Quels sont les nouveaux apports maximaux tolérables ?
Dans le cadre de la révision des limites supérieures de sécurité pour certains nutriments, l’Autorité Européenne de Sécurité des Aliments (EFSA) a publié son évaluation à propos des 9 nutriments sur lesquels la Commission Européenne l’avait invitée à travailler :
Le sélénium (en priorité)
Les vitamines A, B6, D, E
Le béta-carotène
Les vitamines et les minéraux essentiels sont des micronutriments indispensables au fonctionnement normal du corps humain. Cependant, ils peuvent entraîner des effets néfastes sur la santé s'ils sont consommés en excès.
Les principes de l'EFSA pour l'établissement d'AMT ou apport maximal tolérable (tolerable upper intake level UL) pour les vitamines et les minéraux ont été initialement élaborés par le Comité scientifique de l'alimentation humaine (Scientific Committee on Food SCF) en 2000.
Depuis lors, de l'expérience a été acquise et le domaine scientifique s'est développé ainsi que les modèles alimentaires d’alimentation enrichie et les modes de consommation de compléments alimentaires.
Le concept d'apport maximal tolérable (AMT) fait partie des valeurs nutritionnelles de référence (VNR) en tant que valeur de référence scientifique qui a été introduite pour aider les décideurs politiques et autres acteurs concernés à gérer les risques liés à un apport excessif en nutriments.
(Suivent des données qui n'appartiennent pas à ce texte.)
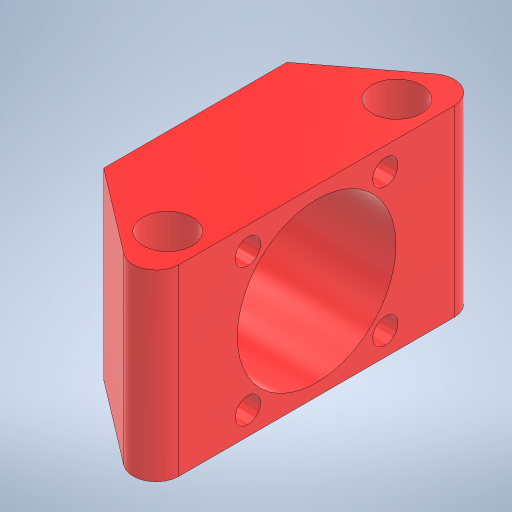
# Autodesk Inventor part: Motor Sleeve
Saved by Autodesk Inventor 2023.2 (Build 272271000, 271)
## iProperties
Created: 2022-12-29
Part Number: Motor Sleeve
Material: UHMW, Black
Document SubType Name: Modeling
Designer: Nathan Cai
Density: 0.94 g/cm^3
Appearance: Light Red
Mass: 6.50335 g
Surface Area: 59.7627 cm^2
Volume: 6.91846 cm^3
Author: Nathan Cai
Autodesk Inventor part; units mm, degrees
ref_plane "YZ Plane" through (0, 0, 0) normal (1, 0, 0) x (0, 1, 0)
ref_plane "XZ Plane" through (0, 0, 0) normal (0, 1, 0) x (-1, 0, 0)
ref_plane "XY Plane" through (0, 0, 0) normal (0, 0, 1) x (1, 0, 0)
sketch "Sketch1" plane through (0, 0, 0) normal (1, 0, 0) x (0, 1, 0)
  circle A0 centre (0, 0) radius 11
  line L0 (-12.7, 12.7) -> (12.7, 12.7)
  line L1 (12.7, 12.7) -> (12.7, -12.7)
  line L2 (12.7, -12.7) -> (-12.7, -12.7)
  line L3 (-12.7, -12.7) -> (-12.7, 12.7)
  line L4 (-12.7, 12.7) -> (12.7, -12.7) construction
  line L5 (12.7, 12.7) -> (-12.7, -12.7) construction
  line L6 (-9.525, 9.525) -> (9.525, 9.525) construction
  line L7 (9.525, 9.525) -> (9.525, -9.525) construction
  line L8 (9.525, -9.525) -> (-9.525, -9.525) construction
  line L9 (-9.525, -9.525) -> (-9.525, 9.525) construction
  line L10 (-9.525, 9.525) -> (9.525, -9.525) construction
  line L11 (9.525, 9.525) -> (-9.525, -9.525) construction
  circle A1 centre (9.525, 9.525) radius 1.7526
  circle A2 centre (-9.525, 9.525) radius 1.7526
  circle A3 centre (-9.525, -9.525) radius 1.7526
  circle A4 centre (9.525, -9.525) radius 1.7526
  dimension "d0" = 22
  dimension "d1" = 25.4
  dimension "d2" = 25.4
  dimension "d3" = 19.05
  dimension "d4" = 19.05
  dimension "d5" = 3.5052
  dimension "d8" = 360
  constraints: 24 end point, 5 centre point, 4 midpoint, 4 parallel, 2 coincident, 2 horizontal, 2 perpendicular, 9 other
  measures "d0" diameter of A0
  measures "d1" distance of L1.end L2.end
  measures "d2" distance of L0.end L1.end
  measures "d3" distance of L7.end L8.end
  measures "d4" distance of L6.end L7.end
  measures "d5" diameter of A1
extrude "Extrusion1" add sketch "Sketch1" along normal blind 16.8
sketch "Sketch2" plane through (0, 12.7, 12.7) normal (0, 1, 0) x (1, 0, 0)
  circle A0 centre (12.0375, -3.175) radius 4.7625
  circle A1 centre (12.0375, -3.175) radius 3.175
  line L0 (0, 0) -> (16.8, 0) projected
  line L1 (16.8, 25.4) -> (16.8, 0) projected
  line L2 (0, 12.7) -> (16.8, 12.7) construction
  line L3 (16.8, -12.7833) -> (16.8, 0)
  circle A2 centre (12.0375, 28.575) radius 4.7625
  circle A3 centre (12.0375, 28.575) radius 3.175
  line L4 (0, 25.4) -> (16.8, 25.4)
  line L5 (16.8, 38.1833) -> (16.8, 25.4)
  line L6 (0, 25.4) -> (16.8, 25.4) projected
  line L7 (0, 25.4) -> (16.8, 38.1833)
  line L8 (0, 0) -> (16.8, -12.7833)
  point P0 (16.8, -3.175)
  point P1 (16.8, 28.575)
  point P2 (15.5873, 25.4)
  point P3 (8.4877, 25.4)
  point P4 (9.1536, -6.9651)
  point P5 (8.4877, 0)
  point P6 (15.5873, 0)
  dimension "d12" = 9.525
  dimension "d13" = 6.35
  constraints: 12 end point, 4 symmetric about line, 3 point on line, 2 centre point, 2 coincident, 2 vertical, 1 horizontal, 1 midpoint, 1 perpendicular, 1 tangent, 9 other
  measures "d13" diameter of A1
extrude "Extrusion2" add sketch "Sketch2" against normal up to surface (25.4 mm away) contours A0 L0 | L3 L8 A0 | A0 L0 L3 | L8 L0 A0 | A2 L4 | L5 L4 A2 | A2 L7 L5 | A2 L4 L7 | A2 L4 picked at (16.2227, -3.5628)
thicken "Thicken1" operation cut thickness 0.254 both sides no extend neighbours no toward (0.9967573, 0, 0.0804666) faces at (15.2022, -4.2333, 16.1305)
thicken "Thicken2" operation cut thickness 0.254 both sides no extend neighbours no toward (0.9870503, 0, -0.1604113) faces at (15.1714, 4.2333, -16.3843)
fillet "Fillet4" radius 3.175 2 edges at (16.8, 0, 25.4833) (16.8, 0, -25.4833)
body "Solid1"
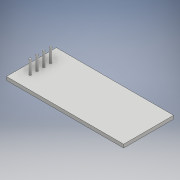
# Autodesk Inventor part: Zijplaat 3
Saved by Autodesk Inventor 2018.3 (Build 223284000, 284)
## iProperties
Created: 2020-11-10
Part Number: Zijplaat 3
Material: Generic
Document SubType Name: Modeling
Designer: daanv
Density: 1 g/cm^3
Appearance: Default
Author: daanv
Autodesk Inventor part; units mm, degrees
ref_plane "YZ Plane" through (0, 0, 0) normal (1, 0, 0) x (0, 1, 0)
ref_plane "XZ Plane" through (0, 0, 0) normal (0, 1, 0) x (-1, 0, 0)
ref_plane "XY Plane" through (0, 0, 0) normal (0, 0, 1) x (1, 0, 0)
sketch "Sketch1" plane through (0, 0, 0) normal (0, 0, 1) x (1, 0, 0)
  line L0 (0, 0) -> (0, 14.7)
  line L1 (0, 14.7) -> (34.5, 14.7)
  line L2 (34.5, 14.7) -> (34.5, 0)
  line L3 (34.5, 0) -> (0, 0)
  dimension "d0" = 14.7
  dimension "d1" = 34.5
  constraints: 8 end point, 3 perpendicular, 1 vertical
  measures "d0" distance of L0.start L0.end
  measures "d1" distance of L0.end L1.end
extrude "Extrusion1" add sketch "Sketch1" along normal blind 1
sketch "Sketch3" plane through (0, 0, 1) normal (0, 0, 1) x (1, 0, 0)
  circle A0 centre (3, 4) radius 0.325
  circle A1 centre (3, 6) radius 0.325
  circle A2 centre (3, 8) radius 0.325
  circle A3 centre (3, 10) radius 0.325
  dimension "d9" = 0.65
  dimension "d10" = 0.65
  dimension "d11" = 0.65
  dimension "d12" = 0.65
  constraints: 4 centre point, 4 coincident
  measures "d9" diameter of A0
  measures "d10" diameter of A1
  measures "d11" diameter of A2
  measures "d12" diameter of A3
extrude "Extrusion3" add sketch "Sketch3" along normal blind 4
body "Solid1"

Le groupe scientifique de l'EFSA sur la nutrition, les nouveaux aliments et les allergènes alimentaires a d’abord fourni un cadre actualisé pour soutenir les évaluations d'AMT de l'EFSA (EFSA Panel on Nutrition, Novel Foods and Food Allergens NDA) en raison des spécificités de l'évaluation des risques liés aux nutriments.
Si des effets indésirables ont été associés à l'apport total, les AMT sont basés sur l'apport total d'un nutriment provenant des aliments, de l'eau et des suppléments.
Application de l'évaluation des risques des substances chimiques à l'évaluation des risques liés aux nutriments
Les étapes d'évaluation des risques
Comme dans le cadre précédent, les principes généraux développés pour l'évaluation des risques liés aux substances chimiques dans les aliments sont appliqués (identification des dangers, caractérisation des dangers, évaluation de l'ingestion, caractérisation des risques).
L’application des normes acceptées pour l’évaluation des risques des substances chimiques présentes dans l’environnement à l’évaluation des risques des substances chimiques et des composants alimentaires suppose de tenir compte du besoin essentiel en nutriments.
Sur la base d’un examen approfondi de la littérature scientifique, l’étape d’identification des dangers décrit les effets néfastes sur la santé dont il a été démontré qu’ils sont causés par le nutriment ou le composant alimentaire (preuves d'effets indésirables chez l'homme, causalité, données pharmacocinétiques et métaboliques, mécanismes d'action toxique, identification de sous-populations distinctes et hautement sensibles etc.).
Les composantes de l'évaluation de la relation dose-réponse constituent la seconde étape de ce cadre d'évaluation des risques.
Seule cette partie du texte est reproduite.